If you want to see a detailed explanation of what has happened you’ll need to read Oracle Core (UK source), chapter 3 (and possibly chapter 2 to warm yourself up for the topic). In outline the following type of thing happens:
- Oracle gets to the first block updated in t1 and sees that there’s an ITL (interested transaction list) entry that hasn’t been marked as committed (we flushed the block from memory before the commit cleanout could take place so the relevant transaction is, apparently, still running and the row is still marked as locked).
- Let’s say the ITL entry says the transaction was for undo segment 34, transaction table slot 11, sequence 999. Oracle reads the undo segment header block for undo segment 34 and checks transaction table slot 11, which is now at sequence 1032. Oracle can infer from this that the transaction that updated the table has committed – but can’t yet know whether it committed before or after the start of our “long running query”.
- Somehow Oracle has to get slot 11 back to sequence 999 so that it can check the commit SCN recorded in the slot at that sequence number.

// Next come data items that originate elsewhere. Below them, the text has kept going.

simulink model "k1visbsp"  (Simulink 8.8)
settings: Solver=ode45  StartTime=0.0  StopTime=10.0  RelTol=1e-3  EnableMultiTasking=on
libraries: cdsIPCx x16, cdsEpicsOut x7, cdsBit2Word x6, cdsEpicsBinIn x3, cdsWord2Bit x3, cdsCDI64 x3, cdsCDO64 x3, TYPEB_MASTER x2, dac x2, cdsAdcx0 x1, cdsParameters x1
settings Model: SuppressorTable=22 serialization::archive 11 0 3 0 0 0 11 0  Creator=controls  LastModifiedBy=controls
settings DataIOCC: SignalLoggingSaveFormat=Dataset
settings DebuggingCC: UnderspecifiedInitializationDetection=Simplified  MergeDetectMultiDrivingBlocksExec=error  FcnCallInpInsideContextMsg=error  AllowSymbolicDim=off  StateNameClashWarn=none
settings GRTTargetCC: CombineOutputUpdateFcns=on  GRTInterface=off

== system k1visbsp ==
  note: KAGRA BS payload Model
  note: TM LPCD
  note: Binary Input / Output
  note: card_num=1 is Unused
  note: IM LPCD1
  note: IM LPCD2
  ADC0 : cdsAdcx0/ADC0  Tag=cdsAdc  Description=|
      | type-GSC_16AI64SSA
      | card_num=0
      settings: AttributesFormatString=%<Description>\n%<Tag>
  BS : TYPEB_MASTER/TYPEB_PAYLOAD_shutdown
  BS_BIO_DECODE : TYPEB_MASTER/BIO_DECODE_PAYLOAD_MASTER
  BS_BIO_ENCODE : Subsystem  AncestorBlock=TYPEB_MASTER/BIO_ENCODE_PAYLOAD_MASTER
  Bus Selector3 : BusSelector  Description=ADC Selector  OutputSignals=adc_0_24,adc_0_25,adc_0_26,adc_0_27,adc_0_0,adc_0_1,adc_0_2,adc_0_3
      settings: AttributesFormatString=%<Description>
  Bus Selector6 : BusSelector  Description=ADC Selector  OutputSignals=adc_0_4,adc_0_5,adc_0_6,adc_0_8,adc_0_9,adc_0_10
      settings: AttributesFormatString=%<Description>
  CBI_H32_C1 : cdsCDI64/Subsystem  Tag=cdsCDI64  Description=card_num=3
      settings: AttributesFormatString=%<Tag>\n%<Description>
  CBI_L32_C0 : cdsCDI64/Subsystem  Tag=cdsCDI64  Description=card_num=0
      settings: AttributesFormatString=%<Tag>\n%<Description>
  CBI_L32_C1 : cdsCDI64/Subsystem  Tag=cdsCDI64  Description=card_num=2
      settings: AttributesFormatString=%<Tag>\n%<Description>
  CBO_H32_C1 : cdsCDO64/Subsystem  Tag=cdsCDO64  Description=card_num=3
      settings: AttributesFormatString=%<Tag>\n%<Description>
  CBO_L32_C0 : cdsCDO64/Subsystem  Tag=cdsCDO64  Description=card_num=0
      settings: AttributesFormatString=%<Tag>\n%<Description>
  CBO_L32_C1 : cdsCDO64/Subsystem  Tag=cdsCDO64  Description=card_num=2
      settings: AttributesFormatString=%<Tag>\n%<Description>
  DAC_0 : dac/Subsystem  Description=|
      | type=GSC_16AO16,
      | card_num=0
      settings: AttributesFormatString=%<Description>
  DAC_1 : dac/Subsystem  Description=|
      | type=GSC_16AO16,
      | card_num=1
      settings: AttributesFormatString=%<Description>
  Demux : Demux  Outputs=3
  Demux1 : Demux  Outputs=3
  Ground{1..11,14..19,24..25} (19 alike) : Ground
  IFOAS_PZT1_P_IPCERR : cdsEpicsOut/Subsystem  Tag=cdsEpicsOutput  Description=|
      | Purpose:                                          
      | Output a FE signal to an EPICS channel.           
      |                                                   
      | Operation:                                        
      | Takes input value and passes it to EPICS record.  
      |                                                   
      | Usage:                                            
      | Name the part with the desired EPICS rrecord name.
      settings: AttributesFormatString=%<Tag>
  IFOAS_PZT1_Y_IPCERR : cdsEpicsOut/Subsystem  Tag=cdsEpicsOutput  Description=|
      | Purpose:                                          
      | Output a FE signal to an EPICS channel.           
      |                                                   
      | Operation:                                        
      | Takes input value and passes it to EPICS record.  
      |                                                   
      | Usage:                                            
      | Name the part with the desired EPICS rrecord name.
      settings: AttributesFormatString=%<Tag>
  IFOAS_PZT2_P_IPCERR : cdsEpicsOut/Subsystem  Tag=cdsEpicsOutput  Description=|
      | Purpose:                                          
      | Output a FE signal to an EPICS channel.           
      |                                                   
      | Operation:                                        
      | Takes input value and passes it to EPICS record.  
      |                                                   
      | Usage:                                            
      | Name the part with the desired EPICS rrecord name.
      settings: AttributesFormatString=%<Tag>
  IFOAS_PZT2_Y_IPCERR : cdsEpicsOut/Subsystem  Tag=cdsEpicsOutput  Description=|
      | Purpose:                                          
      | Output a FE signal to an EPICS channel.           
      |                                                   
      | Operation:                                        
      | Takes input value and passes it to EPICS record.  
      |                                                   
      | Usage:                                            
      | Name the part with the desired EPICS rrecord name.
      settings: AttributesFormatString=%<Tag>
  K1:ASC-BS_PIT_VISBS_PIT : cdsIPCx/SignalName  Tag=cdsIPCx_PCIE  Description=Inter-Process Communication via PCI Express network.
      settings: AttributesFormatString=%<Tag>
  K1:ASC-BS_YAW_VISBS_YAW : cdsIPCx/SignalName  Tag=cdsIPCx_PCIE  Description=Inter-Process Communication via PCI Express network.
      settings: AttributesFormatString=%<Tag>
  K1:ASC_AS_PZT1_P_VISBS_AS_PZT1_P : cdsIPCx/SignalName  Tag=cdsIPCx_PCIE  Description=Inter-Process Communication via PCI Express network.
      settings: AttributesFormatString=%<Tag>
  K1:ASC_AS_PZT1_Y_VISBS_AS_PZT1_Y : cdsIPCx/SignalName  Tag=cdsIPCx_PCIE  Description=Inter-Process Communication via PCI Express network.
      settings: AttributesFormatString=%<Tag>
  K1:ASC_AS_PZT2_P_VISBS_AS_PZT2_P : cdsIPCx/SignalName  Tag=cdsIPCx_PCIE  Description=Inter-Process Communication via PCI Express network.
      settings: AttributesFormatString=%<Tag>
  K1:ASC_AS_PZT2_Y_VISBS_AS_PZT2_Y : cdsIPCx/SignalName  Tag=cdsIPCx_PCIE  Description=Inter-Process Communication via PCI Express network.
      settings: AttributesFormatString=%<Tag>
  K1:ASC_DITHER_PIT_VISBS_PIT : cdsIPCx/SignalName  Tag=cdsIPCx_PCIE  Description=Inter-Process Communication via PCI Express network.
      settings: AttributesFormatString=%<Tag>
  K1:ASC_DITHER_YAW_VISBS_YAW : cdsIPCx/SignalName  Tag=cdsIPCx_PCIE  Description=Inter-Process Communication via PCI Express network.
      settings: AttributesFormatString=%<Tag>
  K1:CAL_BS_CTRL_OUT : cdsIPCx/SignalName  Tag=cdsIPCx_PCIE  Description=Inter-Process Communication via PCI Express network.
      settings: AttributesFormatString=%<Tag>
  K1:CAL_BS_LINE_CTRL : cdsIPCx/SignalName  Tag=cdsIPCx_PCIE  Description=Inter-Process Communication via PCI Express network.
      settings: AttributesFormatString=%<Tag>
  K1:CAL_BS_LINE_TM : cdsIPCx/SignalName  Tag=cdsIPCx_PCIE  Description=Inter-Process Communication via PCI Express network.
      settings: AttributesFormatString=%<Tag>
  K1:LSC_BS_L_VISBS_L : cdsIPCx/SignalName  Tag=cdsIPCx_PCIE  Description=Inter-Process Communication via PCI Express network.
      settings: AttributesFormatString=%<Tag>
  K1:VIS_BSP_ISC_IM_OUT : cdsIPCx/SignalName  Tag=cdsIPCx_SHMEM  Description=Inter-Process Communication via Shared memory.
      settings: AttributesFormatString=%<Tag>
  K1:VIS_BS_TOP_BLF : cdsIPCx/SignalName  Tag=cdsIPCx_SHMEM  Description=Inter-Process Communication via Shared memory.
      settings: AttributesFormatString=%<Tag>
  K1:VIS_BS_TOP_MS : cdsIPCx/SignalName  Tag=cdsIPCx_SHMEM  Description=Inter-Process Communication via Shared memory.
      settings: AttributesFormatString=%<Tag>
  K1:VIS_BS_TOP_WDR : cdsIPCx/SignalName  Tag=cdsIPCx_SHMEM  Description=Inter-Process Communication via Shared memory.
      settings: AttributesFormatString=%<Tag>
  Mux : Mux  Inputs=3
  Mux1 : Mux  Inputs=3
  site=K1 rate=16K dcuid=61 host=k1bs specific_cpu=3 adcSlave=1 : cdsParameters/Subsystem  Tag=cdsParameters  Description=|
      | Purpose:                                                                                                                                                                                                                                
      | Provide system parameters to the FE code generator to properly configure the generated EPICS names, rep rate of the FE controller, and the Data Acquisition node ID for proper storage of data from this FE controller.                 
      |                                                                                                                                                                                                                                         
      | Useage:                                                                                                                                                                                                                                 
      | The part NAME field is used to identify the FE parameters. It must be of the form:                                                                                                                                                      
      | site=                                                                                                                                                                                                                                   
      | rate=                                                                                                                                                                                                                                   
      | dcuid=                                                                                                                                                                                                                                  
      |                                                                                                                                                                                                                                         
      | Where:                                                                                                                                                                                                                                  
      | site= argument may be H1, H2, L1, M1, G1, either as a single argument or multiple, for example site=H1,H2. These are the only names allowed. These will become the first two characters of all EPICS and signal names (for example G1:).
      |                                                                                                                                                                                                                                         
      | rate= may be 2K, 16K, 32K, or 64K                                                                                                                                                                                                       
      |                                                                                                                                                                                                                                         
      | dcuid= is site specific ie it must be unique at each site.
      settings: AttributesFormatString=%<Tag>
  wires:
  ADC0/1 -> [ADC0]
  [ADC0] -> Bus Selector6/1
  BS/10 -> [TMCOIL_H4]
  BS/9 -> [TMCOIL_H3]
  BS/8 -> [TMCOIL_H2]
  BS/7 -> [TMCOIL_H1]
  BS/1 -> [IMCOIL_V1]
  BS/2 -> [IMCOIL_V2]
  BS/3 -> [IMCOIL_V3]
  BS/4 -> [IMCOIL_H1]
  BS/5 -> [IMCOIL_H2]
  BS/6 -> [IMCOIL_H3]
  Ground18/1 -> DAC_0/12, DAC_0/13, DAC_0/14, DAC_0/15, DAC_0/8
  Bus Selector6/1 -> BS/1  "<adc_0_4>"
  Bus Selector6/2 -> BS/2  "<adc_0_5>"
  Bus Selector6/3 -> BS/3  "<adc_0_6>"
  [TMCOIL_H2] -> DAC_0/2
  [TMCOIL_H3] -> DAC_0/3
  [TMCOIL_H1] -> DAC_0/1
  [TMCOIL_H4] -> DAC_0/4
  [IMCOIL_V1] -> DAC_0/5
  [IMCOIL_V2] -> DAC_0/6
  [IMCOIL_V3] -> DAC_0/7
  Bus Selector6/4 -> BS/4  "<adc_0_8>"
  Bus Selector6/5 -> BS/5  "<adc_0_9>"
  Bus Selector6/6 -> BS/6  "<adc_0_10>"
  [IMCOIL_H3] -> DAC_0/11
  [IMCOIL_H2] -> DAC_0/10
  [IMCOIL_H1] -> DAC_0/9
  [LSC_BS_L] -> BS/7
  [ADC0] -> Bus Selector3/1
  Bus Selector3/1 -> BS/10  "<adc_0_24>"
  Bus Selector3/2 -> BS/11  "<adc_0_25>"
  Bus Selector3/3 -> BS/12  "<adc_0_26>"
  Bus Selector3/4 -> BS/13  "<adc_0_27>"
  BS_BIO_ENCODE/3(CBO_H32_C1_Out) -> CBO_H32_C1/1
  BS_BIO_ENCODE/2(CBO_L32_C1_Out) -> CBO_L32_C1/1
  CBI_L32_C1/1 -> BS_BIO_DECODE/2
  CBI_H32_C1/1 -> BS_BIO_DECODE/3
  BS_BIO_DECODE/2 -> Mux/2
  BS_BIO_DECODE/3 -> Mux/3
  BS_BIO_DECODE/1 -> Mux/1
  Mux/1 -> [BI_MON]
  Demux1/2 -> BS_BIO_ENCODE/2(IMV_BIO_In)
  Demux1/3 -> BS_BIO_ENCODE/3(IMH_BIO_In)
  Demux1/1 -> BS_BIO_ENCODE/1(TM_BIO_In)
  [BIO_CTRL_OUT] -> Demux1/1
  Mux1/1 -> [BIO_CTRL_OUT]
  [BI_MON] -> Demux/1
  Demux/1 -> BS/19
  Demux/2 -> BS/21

This is where we see “undo records applied” to make the “transaction table read consistent”. It can do this because the undo segment header has a “transaction control” section in it that records some details of the most recent transaction started in that segment. When a transaction starts it updates this information, but saves the old version of the transaction control and the previous version of its transaction table slot in its first undo record, consequently Oracle can clone the undo segment header block, identify the most recent transaction, find its first undo record and apply it to unwind the transaction table information. As it does so it has also wound the transaction control section backwards one step, so it can use that (older) version to go back another step … and so on, until it takes the cloned undo segment header so far back that it takes our transaction table slot back to sequence 999 – and the job is done, we can now check the actual commit SCN. (Or, if we’re unlucky, we might receive an ORA-01555 before we get there)
So – no changes to the t1 table during the query, but lots of undo records read because OTHER tables have been changing.
In my example the tablescan used direct path reads – so the blocks that went through delayed block cleanout were in private memory, which means they weren’t in the buffer cache and didn’t get written out to disc. When I flushed the buffer cache (again to emulate aging our of undo blocks etc.) and repeated the tablescan Oracle had to go through all that work of creating read consistent transaction tables all over again.